Менаш знал, что такой довод покажется Уали самым убедительным.
— Остерегайся женщин, Менаш, — сказал Уали. — Женщины — отродье шайтана.
— Только не эта.
— Все, все до одной, — стоял на своем Уали. — Не верь даже родной сестре, хотя бы она клялась тебе святым Ханд у-Малеком.
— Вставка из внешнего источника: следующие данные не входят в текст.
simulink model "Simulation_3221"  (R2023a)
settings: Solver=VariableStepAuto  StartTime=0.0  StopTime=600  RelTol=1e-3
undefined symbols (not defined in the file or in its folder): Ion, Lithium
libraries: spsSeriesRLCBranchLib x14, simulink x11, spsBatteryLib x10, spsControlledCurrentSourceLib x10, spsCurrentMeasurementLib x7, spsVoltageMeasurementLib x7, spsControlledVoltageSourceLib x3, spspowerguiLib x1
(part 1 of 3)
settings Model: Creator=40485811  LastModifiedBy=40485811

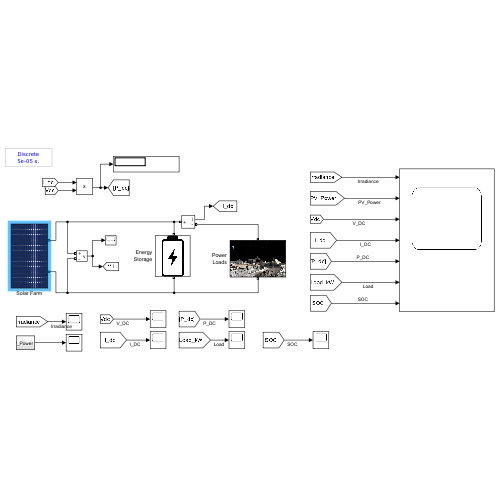
[thumbnail: Simulink's stored preview of the top-level diagram]
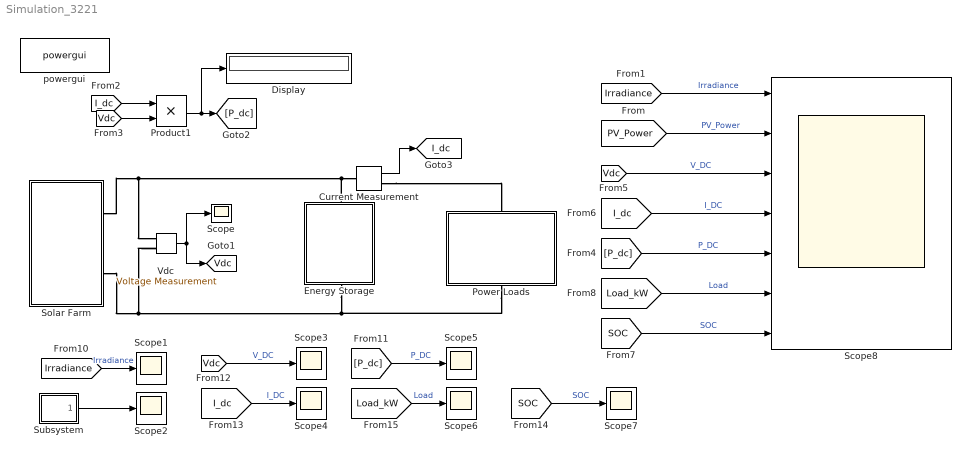
== system Simulation_3221 ==
  Current Measurement : spsCurrentMeasurementLib/Current Measurement  PhasorSimulation=off  OutputType=Complex  PSBequivalent=0
  Display : Display
  Energy Storage : Subsystem
      settings: PortSchema="{\"entries\":[{\"content\":{\"sides\":[{\"content\":{},\"type\":\"ConnectorPlacement.EquallySpacedRectSide\",\"uuid\":\"19301019-6073-4742-9acf-f42e8adc5c9e\"},{\"content\":{\"side\":\"RIGHT\"},\"type\":\"ConnectorPlacement.EquallySpacedRectSide\",\"uuid\":\"e7e8b761-1860-4e60-96a0-e09456fe9b7d\"},{\"content\":{\"connectorIds\":[\"LConn1\"],\"side\":\"TOP\"},\"type\":\"ConnectorPlacement.EquallySpacedRectSide\",\"uuid\":\"9a2c7ab2-e8b2-40d2-a24e-d56c39a325f7\"},{\"content\":{\"connectorIds\":[\"RConn1\"],\"side\":\"BOTTOM\"},\"type\":\"ConnectorPlacement.EquallySpacedRectSide\",\"uuid\":\"a05fc25a-9576-4133-8247-40976c625624\"}]},\"type\":\"ConnectorPlacement.EquallySpacedConnector\",\"uuid\":\"018c4af4-b2b6-48b3-8fd0-4a05f6dfe868\"}],\"packageUris\":[\"http://schema.mathworks.com/mf0/Connector/R2020b\"],\"version\":\"1.0\"}"
      mask Display: image('\\napier-mail.napier.ac.uk\students\School of Engineering and the Built Environment\User Data\40485811\My Profile\Downloads\battery-icon-13.png'); % Use "Edit Image" on toolstrip to change.
  Power Loads : Subsystem
      mask Display: image('\\napier-mail.napier.ac.uk\students\School of Engineering and the Built Environment\User Data\40485811\My Profile\Downloads\Untitled.png'); % Use "Edit Image" on toolstrip to change.
  Product1 : Product
  Scope{,1..7} (8 alike) : Scope
  Scope8 : Scope  NumInputPorts=7
  Solar Farm : Subsystem
      mask Display: image('\\napier-mail.napier.ac.uk\students\School of Engineering and the Built Environment\User Data\40485811\My Profile\Downloads\istockphoto-1441533310-612x612.jpg'); % Use "Edit Image" on toolstrip to change.
  Subsystem : Subsystem
  "Vdc " : spsVoltageMeasurementLib/Voltage Measurement  Tag=PoWeRsYsTeMmEaSuReMeNt  PhasorSimulation=off  OutputType=Magnitude  PSBequivalent=0
  powergui : spspowerguiLib/powergui  Priority=1  SimulationMode=Discrete  SampleTime=5e-5  frequency=60  Iterations=50  frequencyindice=0  Pbase=100e6  ErrMax=1e-4  UnitsV=kV  UnitsW=MW  buscounter=0  FunctionMessages=off  echomessages=off  EnableUseOfTLC=off  CurrentSourceSwitches=off  DisableSnubberDevices=off  DisableRonSwitches=off  DisableVfSwitches=off  DisplayEquations=off  AutomaticDiscreteSolvers=off  SolverType=Tustin  Interpol=off  ExternalGateDelay=off  methode=off  Ts=0  x0status=blocks  SPID=off  SwTol=0  HookPort=off  NonlinearTolerance=1e-4  nMaxIteration=100  ContinueOnMaxIteration=off  RestoreLinks=warning  ResistiveCurrentMeasurement=off  Frange=[0:2:500]  Ylog=off  Xlog=on  ShowGrid=off  save=off  variable=ZData  structure=0  ZoomFFT=on  StartTime=0.0  cycles=1  DisplayStyle=1  fundamental=60  FreqAxis=off  MaxFrequency=1000  frequencyindicesteady=1  RmsSteady=1  display=off
  tag scope: I_dc=global, Vdc=global
  wires:
  [I_dc] -> Product1/1
  [Vdc] -> Product1/2
  Product1/1 -> Display/1, [P_dc]
  [Irradiance] -> Scope8/1  "Irradiance"
  [PV_Power] -> Scope8/2  "PV_Power"
  [Vdc] -> Scope8/3  "V_DC"
  [I_dc] -> Scope8/4  "I_DC"
  [P_dc] -> Scope8/5  "P_DC"
  [SOC] -> Scope8/7  "SOC"
  [Load_kW] -> Scope8/6  "Load"
  "Vdc "/1 -> Scope/1, [Vdc]
  Current Measurement/1 -> [I_dc]
  [SOC] -> Scope7/1  "SOC"
  [Load_kW] -> Scope6/1  "Load"
  [P_dc] -> Scope5/1  "P_DC"
  [I_dc] -> Scope4/1  "I_DC"
  [Vdc] -> Scope3/1  "V_DC"
  [Irradiance] -> Scope1/1  "Irradiance"
  Subsystem/1(PV_Power) -> Scope2/1
  connections:
  Current Measurement/LConn1 -- Solar Farm/RConn1 -- "Vdc "/LConn1 -- Energy Storage/LConn1
  Power Loads/RConn1 -- "Vdc "/LConn2 -- Solar Farm/RConn2 -- Energy Storage/RConn1
  Current Measurement/RConn1 -- Power Loads/LConn1

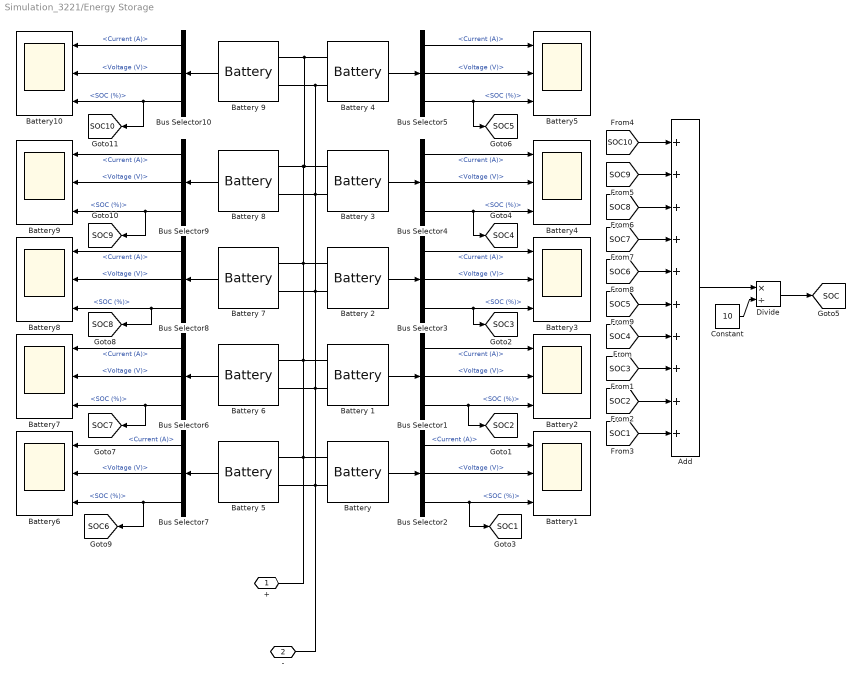
== system Simulation_3221/Energy Storage ==
  Add : Sum  Inputs=++++++++++
  Battery {,1..9} (10 alike) : spsBatteryLib/Battery  BatType=Lithium-Ion  ShowTempParam=off  ThermalPreset=no  ShowAgeParam=off  NomV=11  NomQ=20000  SOC=50  Batt_Tr=0.1  PresetModel=on  MaxQ=20000  MinV=8.25  FullV=12.8039  Dis_rate=8695.6522  R=5.5e-06  Normal_OP=18086.9565  expZone="[11.88424      982.6087]"  current=[6.5 13 32.5]  Units=Time  Tci=20  NomT=20  T2=-30  MaxQ2=4.8  FullV2=7.1  Normal_OP2=5.655  expZone2="[6.58           1]"  Rca=0.6  ti=2000  Dp=0  Neq0=0  Tsim=1e6  Ta1=25  Qeol=5.4*0.9  Reol=0.013333*1.2  Char_age=[2.3478, 3]  Dis_age=[2.3478, 10]  N1=1500  N2=10500  N3=1000  N4=1400  Ta2=45  N5=950
  Battery{1..10} (10 alike) : Scope  NumInputPorts=3
  Bus Selector{1..10} (10 alike) : BusSelector  OutputSignals=Current (A),Voltage (V),SOC (%)
  Constant : Constant  Value=10
  Divide : Product  Inputs=*/
  + : PMIOPort  Side=Left
  - : PMIOPort  Port=2  Side=Right
  tag scope: SOC10=global, SOC1=global, SOC2=global, SOC3=global, SOC4=global, SOC5=global, SOC6=global, SOC7=global, SOC8=global, SOC9=global, SOC=global
  wires:
  Battery 1/1 -> Bus Selector1/1
  Bus Selector4/2 -> Battery4/2  "<Voltage (V)>"
  Bus Selector1/1 -> Battery2/1  "<Current (A)>"
  Bus Selector2/1 -> Battery1/1  "<Current (A)>"
  Bus Selector3/3 -> [SOC3], Battery3/3  "<SOC (%)>"
  Bus Selector2/2 -> Battery1/2  "<Voltage (V)>"
  "Battery "/1 -> Bus Selector2/1
  Bus Selector2/3 -> Battery1/3, [SOC1]  "<SOC (%)>"
  Bus Selector4/1 -> Battery4/1  "<Current (A)>"
  Bus Selector3/1 -> Battery3/1  "<Current (A)>"
  Bus Selector3/2 -> Battery3/2  "<Voltage (V)>"
  Bus Selector4/3 -> [SOC4], Battery4/3  "<SOC (%)>"
  Bus Selector1/2 -> Battery2/2  "<Voltage (V)>"
  Bus Selector1/3 -> [SOC2], Battery2/3  "<SOC (%)>"
  [SOC4] -> Add/7
  [SOC1] -> Add/10
  [SOC3] -> Add/8
  [SOC2] -> Add/9
  Add/1 -> Divide/1
  Constant/1 -> Divide/2
  Divide/1 -> [SOC]
  Battery 3/1 -> Bus Selector4/1
  Battery 2/1 -> Bus Selector3/1
  Bus Selector5/3 -> [SOC5], Battery5/3  "<SOC (%)>"
  Battery 4/1 -> Bus Selector5/1
  Bus Selector5/1 -> Battery5/1  "<Current (A)>"
  Bus Selector5/2 -> Battery5/2  "<Voltage (V)>"
  Battery 9/1 -> Bus Selector10/1
  Bus Selector10/2 -> Battery10/2  "<Voltage (V)>"
  Battery 7/1 -> Bus Selector8/1
  Battery 6/1 -> Bus Selector6/1
  Bus Selector9/2 -> Battery9/2  "<Voltage (V)>"
  Bus Selector9/3 -> [SOC9], Battery9/3  "<SOC (%)>"
  Battery 8/1 -> Bus Selector9/1
  Bus Selector7/2 -> Battery6/2  "<Voltage (V)>"
  Bus Selector7/1 -> Battery6/1  "<Current (A)>"
  Bus Selector6/2 -> Battery7/2  "<Voltage (V)>"
  Bus Selector6/3 -> [SOC7], Battery7/3  "<SOC (%)>"
  Battery 5/1 -> Bus Selector7/1
  Bus Selector8/1 -> Battery8/1  "<Current (A)>"
  Bus Selector8/3 -> [SOC8], Battery8/3  "<SOC (%)>"
  Bus Selector10/3 -> [SOC10], Battery10/3  "<SOC (%)>"
  Bus Selector8/2 -> Battery8/2  "<Voltage (V)>"
  Bus Selector6/1 -> Battery7/1  "<Current (A)>"
  Bus Selector7/3 -> Battery6/3, [SOC6]  "<SOC (%)>"
  Bus Selector9/1 -> Battery9/1  "<Current (A)>"
  [SOC5] -> Add/6
  [SOC6] -> Add/5
  [SOC7] -> Add/4
  [SOC8] -> Add/3
  [SOC9] -> Add/2
  [SOC10] -> Add/1
  Bus Selector10/1 -> Battery10/1  "<Current (A)>"
  connections:
  Battery 9/LConn2 -- "Battery "/LConn2 -- -/RConn1 -- Battery 5/LConn2 -- Battery 1/LConn2 -- Battery 6/LConn2 -- Battery 2/LConn2 -- Battery 7/LConn2 -- Battery 3/LConn2 -- Battery 8/LConn2 -- Battery 4/LConn2
  Battery 9/LConn1 -- +/RConn1 -- "Battery "/LConn1 -- Battery 5/LConn1 -- Battery 1/LConn1 -- Battery 6/LConn1 -- Battery 2/LConn1 -- Battery 7/LConn1 -- Battery 8/LConn1 -- Battery 3/LConn1 -- Battery 4/LConn1

== system Simulation_3221/Power Loads ==
  Add Block : Sum  Inputs=+++
  Constant Loads : Subsystem
  Controlled Current Source block : spsControlledCurrentSourceLib/Controlled Current Source  Initialize=on  Source_Type=AC  Amplitude=0  Phase=0  Frequency=0  Measurements=None
  Divide : Product  Inputs=*/
  Industrial Loads : Subsystem
  Variable Loads : Subsystem
  - : PMIOPort  Side=Left
  + : PMIOPort  Port=2  Side=Right
  tag scope: Load_kW=global
  wires:
  [Vdc] -> Divide/2  "Grid Voltage"
  Add Block/1 -> [Load_kW], Divide/1
  Divide/1 -> Controlled Current Source block/1
  Constant Loads/1(Out1) -> Add Block/1
  Variable Loads/1(Out1) -> Add Block/2
  Industrial Loads/1(Out1) -> Add Block/3
  connections:
  Controlled Current Source block/RConn1 -- +/RConn1
  -/RConn1 -- Controlled Current Source block/LConn1

— Спроси совета у Равеха, Уали. К тому же я не требую, чтобы ты применил к Меддуру самое сильное средство, — и Менаш сделал вид, будто пальцем нажимает крючок, — но прошу тебя, Уали, запугай его хорошенько. Да это и не трудно — с таким трусом!
Уали задумался, очевидно пытаясь разобраться в этом деле, и, как тогда, в истории Умауша, не мог решить, на чьей стороне закон чести. Тогда Менаш предложил ему:
— Посоветуйся с Равехом и поступи так, как он скажет.
На другой день, после того как Менаш с Меддуром зашли к ним в дом, Аази слегла. Она жаловалась на шум в ушах, на нестерпимую головную боль. Она принуждала себя есть только тогда, когда от недоедания у нее пропадало молоко.
— Ты уморишь ребенка голодом, — говорила ей Латмас. — Это большой грех.
Когда Ауда плакал, у Аази сердце разрывалось от жалости, и она через силу съедала немножко кускуса, ровно столько, чтобы выдавить из груди несколько капель молока.